## What the task requires
Pull every line with "MassFlow" from the material.

## Data extract
+ + + + + + +
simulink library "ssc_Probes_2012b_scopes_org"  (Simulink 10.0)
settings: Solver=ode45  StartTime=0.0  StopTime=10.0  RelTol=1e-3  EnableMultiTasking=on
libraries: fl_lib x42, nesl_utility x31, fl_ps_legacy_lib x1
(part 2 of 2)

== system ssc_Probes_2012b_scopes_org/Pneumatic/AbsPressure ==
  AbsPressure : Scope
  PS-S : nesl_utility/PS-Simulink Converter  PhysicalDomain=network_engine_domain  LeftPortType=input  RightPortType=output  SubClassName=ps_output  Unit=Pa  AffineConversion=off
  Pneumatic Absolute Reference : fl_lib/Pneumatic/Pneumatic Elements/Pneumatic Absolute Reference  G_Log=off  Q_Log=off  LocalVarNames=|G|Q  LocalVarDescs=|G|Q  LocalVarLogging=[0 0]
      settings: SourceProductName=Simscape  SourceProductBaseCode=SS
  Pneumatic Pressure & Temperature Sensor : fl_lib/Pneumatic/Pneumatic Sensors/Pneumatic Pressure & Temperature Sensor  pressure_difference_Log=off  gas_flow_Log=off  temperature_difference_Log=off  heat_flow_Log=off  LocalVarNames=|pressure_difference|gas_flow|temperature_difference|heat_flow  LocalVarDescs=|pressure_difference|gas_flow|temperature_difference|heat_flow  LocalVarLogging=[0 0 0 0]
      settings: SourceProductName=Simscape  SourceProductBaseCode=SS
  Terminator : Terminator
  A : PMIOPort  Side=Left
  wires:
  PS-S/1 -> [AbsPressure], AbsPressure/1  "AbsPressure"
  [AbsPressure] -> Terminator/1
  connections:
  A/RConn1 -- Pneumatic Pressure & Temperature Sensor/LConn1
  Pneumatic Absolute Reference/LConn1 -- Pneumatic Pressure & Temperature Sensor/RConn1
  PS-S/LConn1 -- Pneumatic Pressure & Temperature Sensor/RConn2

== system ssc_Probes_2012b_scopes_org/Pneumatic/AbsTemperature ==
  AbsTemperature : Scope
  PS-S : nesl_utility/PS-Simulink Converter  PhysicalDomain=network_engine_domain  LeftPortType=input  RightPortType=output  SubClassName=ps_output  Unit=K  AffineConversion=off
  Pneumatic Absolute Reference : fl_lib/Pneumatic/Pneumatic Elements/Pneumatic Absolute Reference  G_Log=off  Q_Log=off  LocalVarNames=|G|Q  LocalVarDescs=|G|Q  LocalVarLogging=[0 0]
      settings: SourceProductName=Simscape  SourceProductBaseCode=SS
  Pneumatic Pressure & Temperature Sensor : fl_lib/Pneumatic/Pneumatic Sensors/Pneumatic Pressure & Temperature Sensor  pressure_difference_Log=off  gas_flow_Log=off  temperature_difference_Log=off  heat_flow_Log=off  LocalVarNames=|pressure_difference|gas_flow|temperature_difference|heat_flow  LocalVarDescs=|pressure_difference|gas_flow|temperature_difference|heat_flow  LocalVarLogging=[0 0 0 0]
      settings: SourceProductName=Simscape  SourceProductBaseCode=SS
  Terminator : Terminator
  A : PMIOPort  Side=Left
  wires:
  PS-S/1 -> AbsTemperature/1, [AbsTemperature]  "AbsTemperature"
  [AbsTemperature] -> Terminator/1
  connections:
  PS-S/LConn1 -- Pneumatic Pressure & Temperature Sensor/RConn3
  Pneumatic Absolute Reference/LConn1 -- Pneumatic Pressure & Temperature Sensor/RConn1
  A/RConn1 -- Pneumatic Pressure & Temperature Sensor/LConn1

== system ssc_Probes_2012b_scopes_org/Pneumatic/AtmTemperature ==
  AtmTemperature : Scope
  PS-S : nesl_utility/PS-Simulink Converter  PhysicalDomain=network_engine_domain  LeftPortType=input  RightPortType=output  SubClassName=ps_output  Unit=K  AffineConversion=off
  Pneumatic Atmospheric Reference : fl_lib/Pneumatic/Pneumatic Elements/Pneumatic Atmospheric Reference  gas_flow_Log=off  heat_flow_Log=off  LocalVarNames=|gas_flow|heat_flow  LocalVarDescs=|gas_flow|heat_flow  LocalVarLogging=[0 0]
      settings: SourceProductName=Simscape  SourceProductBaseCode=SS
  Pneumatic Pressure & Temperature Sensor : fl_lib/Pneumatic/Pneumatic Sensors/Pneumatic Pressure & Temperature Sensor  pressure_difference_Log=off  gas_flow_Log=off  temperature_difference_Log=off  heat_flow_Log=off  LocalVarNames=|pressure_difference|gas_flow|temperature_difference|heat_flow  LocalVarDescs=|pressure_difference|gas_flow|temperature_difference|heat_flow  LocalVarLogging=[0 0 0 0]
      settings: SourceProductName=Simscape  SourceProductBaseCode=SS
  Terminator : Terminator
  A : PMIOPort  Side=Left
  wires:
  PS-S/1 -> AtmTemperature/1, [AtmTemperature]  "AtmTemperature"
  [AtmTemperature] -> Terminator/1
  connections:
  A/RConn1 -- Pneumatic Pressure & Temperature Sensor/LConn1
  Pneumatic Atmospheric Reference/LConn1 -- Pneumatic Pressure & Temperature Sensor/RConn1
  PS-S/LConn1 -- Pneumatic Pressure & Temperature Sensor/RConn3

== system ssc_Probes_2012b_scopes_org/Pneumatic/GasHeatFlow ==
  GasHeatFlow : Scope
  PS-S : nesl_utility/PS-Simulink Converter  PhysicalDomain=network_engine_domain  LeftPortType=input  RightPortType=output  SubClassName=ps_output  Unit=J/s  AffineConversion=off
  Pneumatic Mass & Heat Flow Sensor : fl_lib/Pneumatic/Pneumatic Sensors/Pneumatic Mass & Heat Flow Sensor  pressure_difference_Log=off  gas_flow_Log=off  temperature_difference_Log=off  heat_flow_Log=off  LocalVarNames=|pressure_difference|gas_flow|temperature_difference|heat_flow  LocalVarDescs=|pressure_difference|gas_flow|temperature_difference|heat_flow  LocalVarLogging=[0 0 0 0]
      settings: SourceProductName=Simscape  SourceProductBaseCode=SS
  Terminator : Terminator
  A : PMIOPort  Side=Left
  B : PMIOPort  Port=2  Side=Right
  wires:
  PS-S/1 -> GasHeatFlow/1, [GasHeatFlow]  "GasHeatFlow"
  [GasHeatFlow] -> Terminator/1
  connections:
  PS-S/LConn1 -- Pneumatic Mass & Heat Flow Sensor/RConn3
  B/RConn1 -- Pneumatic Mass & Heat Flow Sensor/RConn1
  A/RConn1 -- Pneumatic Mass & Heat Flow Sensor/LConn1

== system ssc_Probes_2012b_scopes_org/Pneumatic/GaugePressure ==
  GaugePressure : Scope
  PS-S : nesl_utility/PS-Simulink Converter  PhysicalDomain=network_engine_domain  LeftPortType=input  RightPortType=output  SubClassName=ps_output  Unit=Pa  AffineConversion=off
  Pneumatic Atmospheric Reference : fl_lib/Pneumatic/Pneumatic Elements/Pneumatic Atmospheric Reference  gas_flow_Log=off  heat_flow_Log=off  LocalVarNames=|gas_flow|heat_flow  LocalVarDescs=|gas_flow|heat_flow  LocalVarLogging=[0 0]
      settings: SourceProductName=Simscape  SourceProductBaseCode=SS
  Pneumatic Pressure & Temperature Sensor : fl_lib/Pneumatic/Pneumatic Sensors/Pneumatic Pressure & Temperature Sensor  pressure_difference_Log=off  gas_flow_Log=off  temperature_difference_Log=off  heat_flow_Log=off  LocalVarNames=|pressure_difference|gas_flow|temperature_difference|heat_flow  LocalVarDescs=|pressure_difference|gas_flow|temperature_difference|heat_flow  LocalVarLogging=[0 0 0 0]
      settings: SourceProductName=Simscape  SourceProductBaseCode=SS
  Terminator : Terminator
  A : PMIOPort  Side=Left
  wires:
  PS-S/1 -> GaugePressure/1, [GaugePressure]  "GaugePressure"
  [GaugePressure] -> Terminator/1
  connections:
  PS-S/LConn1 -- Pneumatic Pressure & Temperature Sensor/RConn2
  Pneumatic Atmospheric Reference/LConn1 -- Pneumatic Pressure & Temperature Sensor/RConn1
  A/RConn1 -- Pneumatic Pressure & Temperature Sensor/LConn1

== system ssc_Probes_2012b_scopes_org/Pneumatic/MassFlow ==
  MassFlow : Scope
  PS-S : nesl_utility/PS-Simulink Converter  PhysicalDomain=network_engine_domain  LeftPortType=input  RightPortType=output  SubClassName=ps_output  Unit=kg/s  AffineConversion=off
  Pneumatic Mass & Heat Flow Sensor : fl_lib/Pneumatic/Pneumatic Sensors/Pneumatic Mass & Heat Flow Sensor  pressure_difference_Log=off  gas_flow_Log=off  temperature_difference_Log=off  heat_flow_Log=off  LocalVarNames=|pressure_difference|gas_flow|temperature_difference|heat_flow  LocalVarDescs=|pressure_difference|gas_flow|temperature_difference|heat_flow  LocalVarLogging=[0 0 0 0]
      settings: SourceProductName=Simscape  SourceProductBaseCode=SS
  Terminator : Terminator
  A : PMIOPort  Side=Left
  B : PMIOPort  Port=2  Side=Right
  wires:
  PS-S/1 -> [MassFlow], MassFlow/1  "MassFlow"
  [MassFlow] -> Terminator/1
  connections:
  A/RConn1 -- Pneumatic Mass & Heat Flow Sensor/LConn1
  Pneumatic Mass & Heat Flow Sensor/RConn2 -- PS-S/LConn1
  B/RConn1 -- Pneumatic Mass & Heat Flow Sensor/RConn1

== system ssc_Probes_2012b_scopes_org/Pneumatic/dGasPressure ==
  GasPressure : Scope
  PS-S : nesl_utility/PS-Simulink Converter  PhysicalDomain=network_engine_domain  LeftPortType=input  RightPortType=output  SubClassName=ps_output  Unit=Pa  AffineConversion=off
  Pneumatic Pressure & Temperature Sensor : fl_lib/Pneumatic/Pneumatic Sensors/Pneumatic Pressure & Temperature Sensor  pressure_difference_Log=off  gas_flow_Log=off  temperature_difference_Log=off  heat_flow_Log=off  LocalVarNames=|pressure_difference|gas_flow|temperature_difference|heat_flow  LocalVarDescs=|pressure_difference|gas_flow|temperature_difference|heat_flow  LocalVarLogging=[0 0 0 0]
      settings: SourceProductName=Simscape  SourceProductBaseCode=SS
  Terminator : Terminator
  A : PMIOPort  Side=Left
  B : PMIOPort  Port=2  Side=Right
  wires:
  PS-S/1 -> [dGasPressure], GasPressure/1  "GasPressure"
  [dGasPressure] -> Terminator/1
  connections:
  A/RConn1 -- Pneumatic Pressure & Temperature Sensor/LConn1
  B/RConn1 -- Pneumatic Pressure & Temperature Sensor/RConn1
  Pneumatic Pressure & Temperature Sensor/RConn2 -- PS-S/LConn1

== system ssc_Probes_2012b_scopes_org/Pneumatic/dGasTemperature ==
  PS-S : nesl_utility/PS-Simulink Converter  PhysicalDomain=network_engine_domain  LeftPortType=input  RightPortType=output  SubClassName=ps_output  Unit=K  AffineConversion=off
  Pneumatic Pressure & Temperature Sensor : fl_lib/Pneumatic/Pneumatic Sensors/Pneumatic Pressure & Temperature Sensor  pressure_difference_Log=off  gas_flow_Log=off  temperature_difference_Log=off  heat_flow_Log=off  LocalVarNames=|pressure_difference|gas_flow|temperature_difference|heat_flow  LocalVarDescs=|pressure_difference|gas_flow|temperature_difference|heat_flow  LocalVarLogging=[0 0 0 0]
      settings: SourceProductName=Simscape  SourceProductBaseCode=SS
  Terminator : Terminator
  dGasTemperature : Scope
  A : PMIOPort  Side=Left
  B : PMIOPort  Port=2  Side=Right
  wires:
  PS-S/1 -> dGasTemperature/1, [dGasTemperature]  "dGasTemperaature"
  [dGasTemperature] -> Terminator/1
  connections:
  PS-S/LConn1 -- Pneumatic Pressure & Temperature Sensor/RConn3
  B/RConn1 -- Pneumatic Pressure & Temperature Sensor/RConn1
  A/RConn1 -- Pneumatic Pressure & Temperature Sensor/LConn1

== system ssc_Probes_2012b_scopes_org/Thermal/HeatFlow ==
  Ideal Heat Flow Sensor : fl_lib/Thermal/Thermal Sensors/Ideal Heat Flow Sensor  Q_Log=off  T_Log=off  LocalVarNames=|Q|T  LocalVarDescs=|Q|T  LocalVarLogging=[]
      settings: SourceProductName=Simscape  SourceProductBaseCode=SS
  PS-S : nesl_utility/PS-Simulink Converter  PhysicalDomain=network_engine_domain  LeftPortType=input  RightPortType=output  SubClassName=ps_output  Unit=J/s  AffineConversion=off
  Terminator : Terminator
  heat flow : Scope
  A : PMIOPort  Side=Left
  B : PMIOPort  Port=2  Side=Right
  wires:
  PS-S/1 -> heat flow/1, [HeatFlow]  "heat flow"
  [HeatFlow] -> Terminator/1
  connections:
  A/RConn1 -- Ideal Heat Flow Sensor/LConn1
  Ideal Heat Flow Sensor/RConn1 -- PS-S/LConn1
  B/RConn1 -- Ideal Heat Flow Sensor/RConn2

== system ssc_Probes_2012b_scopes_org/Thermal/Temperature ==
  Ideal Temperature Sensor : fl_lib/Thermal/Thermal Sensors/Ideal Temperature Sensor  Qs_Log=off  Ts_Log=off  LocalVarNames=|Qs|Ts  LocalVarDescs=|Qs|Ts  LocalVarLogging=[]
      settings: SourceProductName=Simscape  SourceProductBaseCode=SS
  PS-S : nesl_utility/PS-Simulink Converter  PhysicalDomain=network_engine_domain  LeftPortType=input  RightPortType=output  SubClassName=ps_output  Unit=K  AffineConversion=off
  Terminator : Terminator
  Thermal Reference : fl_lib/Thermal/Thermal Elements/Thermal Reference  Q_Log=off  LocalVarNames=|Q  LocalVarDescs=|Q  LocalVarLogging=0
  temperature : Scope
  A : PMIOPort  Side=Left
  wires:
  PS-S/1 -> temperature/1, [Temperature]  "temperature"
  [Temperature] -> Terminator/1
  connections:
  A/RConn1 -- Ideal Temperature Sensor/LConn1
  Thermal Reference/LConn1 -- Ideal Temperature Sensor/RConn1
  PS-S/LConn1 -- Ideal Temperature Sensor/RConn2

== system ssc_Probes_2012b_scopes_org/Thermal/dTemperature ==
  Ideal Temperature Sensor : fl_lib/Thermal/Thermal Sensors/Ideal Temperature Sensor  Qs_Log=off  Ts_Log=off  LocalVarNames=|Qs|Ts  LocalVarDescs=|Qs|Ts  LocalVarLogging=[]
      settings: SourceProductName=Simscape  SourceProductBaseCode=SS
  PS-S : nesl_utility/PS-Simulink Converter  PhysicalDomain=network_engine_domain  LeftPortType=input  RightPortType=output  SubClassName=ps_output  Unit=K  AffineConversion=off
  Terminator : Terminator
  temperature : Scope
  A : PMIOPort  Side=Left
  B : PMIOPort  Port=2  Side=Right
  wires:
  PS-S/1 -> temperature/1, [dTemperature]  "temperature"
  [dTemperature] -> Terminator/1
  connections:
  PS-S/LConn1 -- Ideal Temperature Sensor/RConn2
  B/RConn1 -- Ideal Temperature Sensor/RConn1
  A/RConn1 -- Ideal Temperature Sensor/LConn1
+ + + + + + +
## Final answer
== system ssc_Probes_2012b_scopes_org/Pneumatic/MassFlow ==
  MassFlow : Scope
  PS-S/1 -> [MassFlow], MassFlow/1  "MassFlow"
  [MassFlow] -> Terminator/1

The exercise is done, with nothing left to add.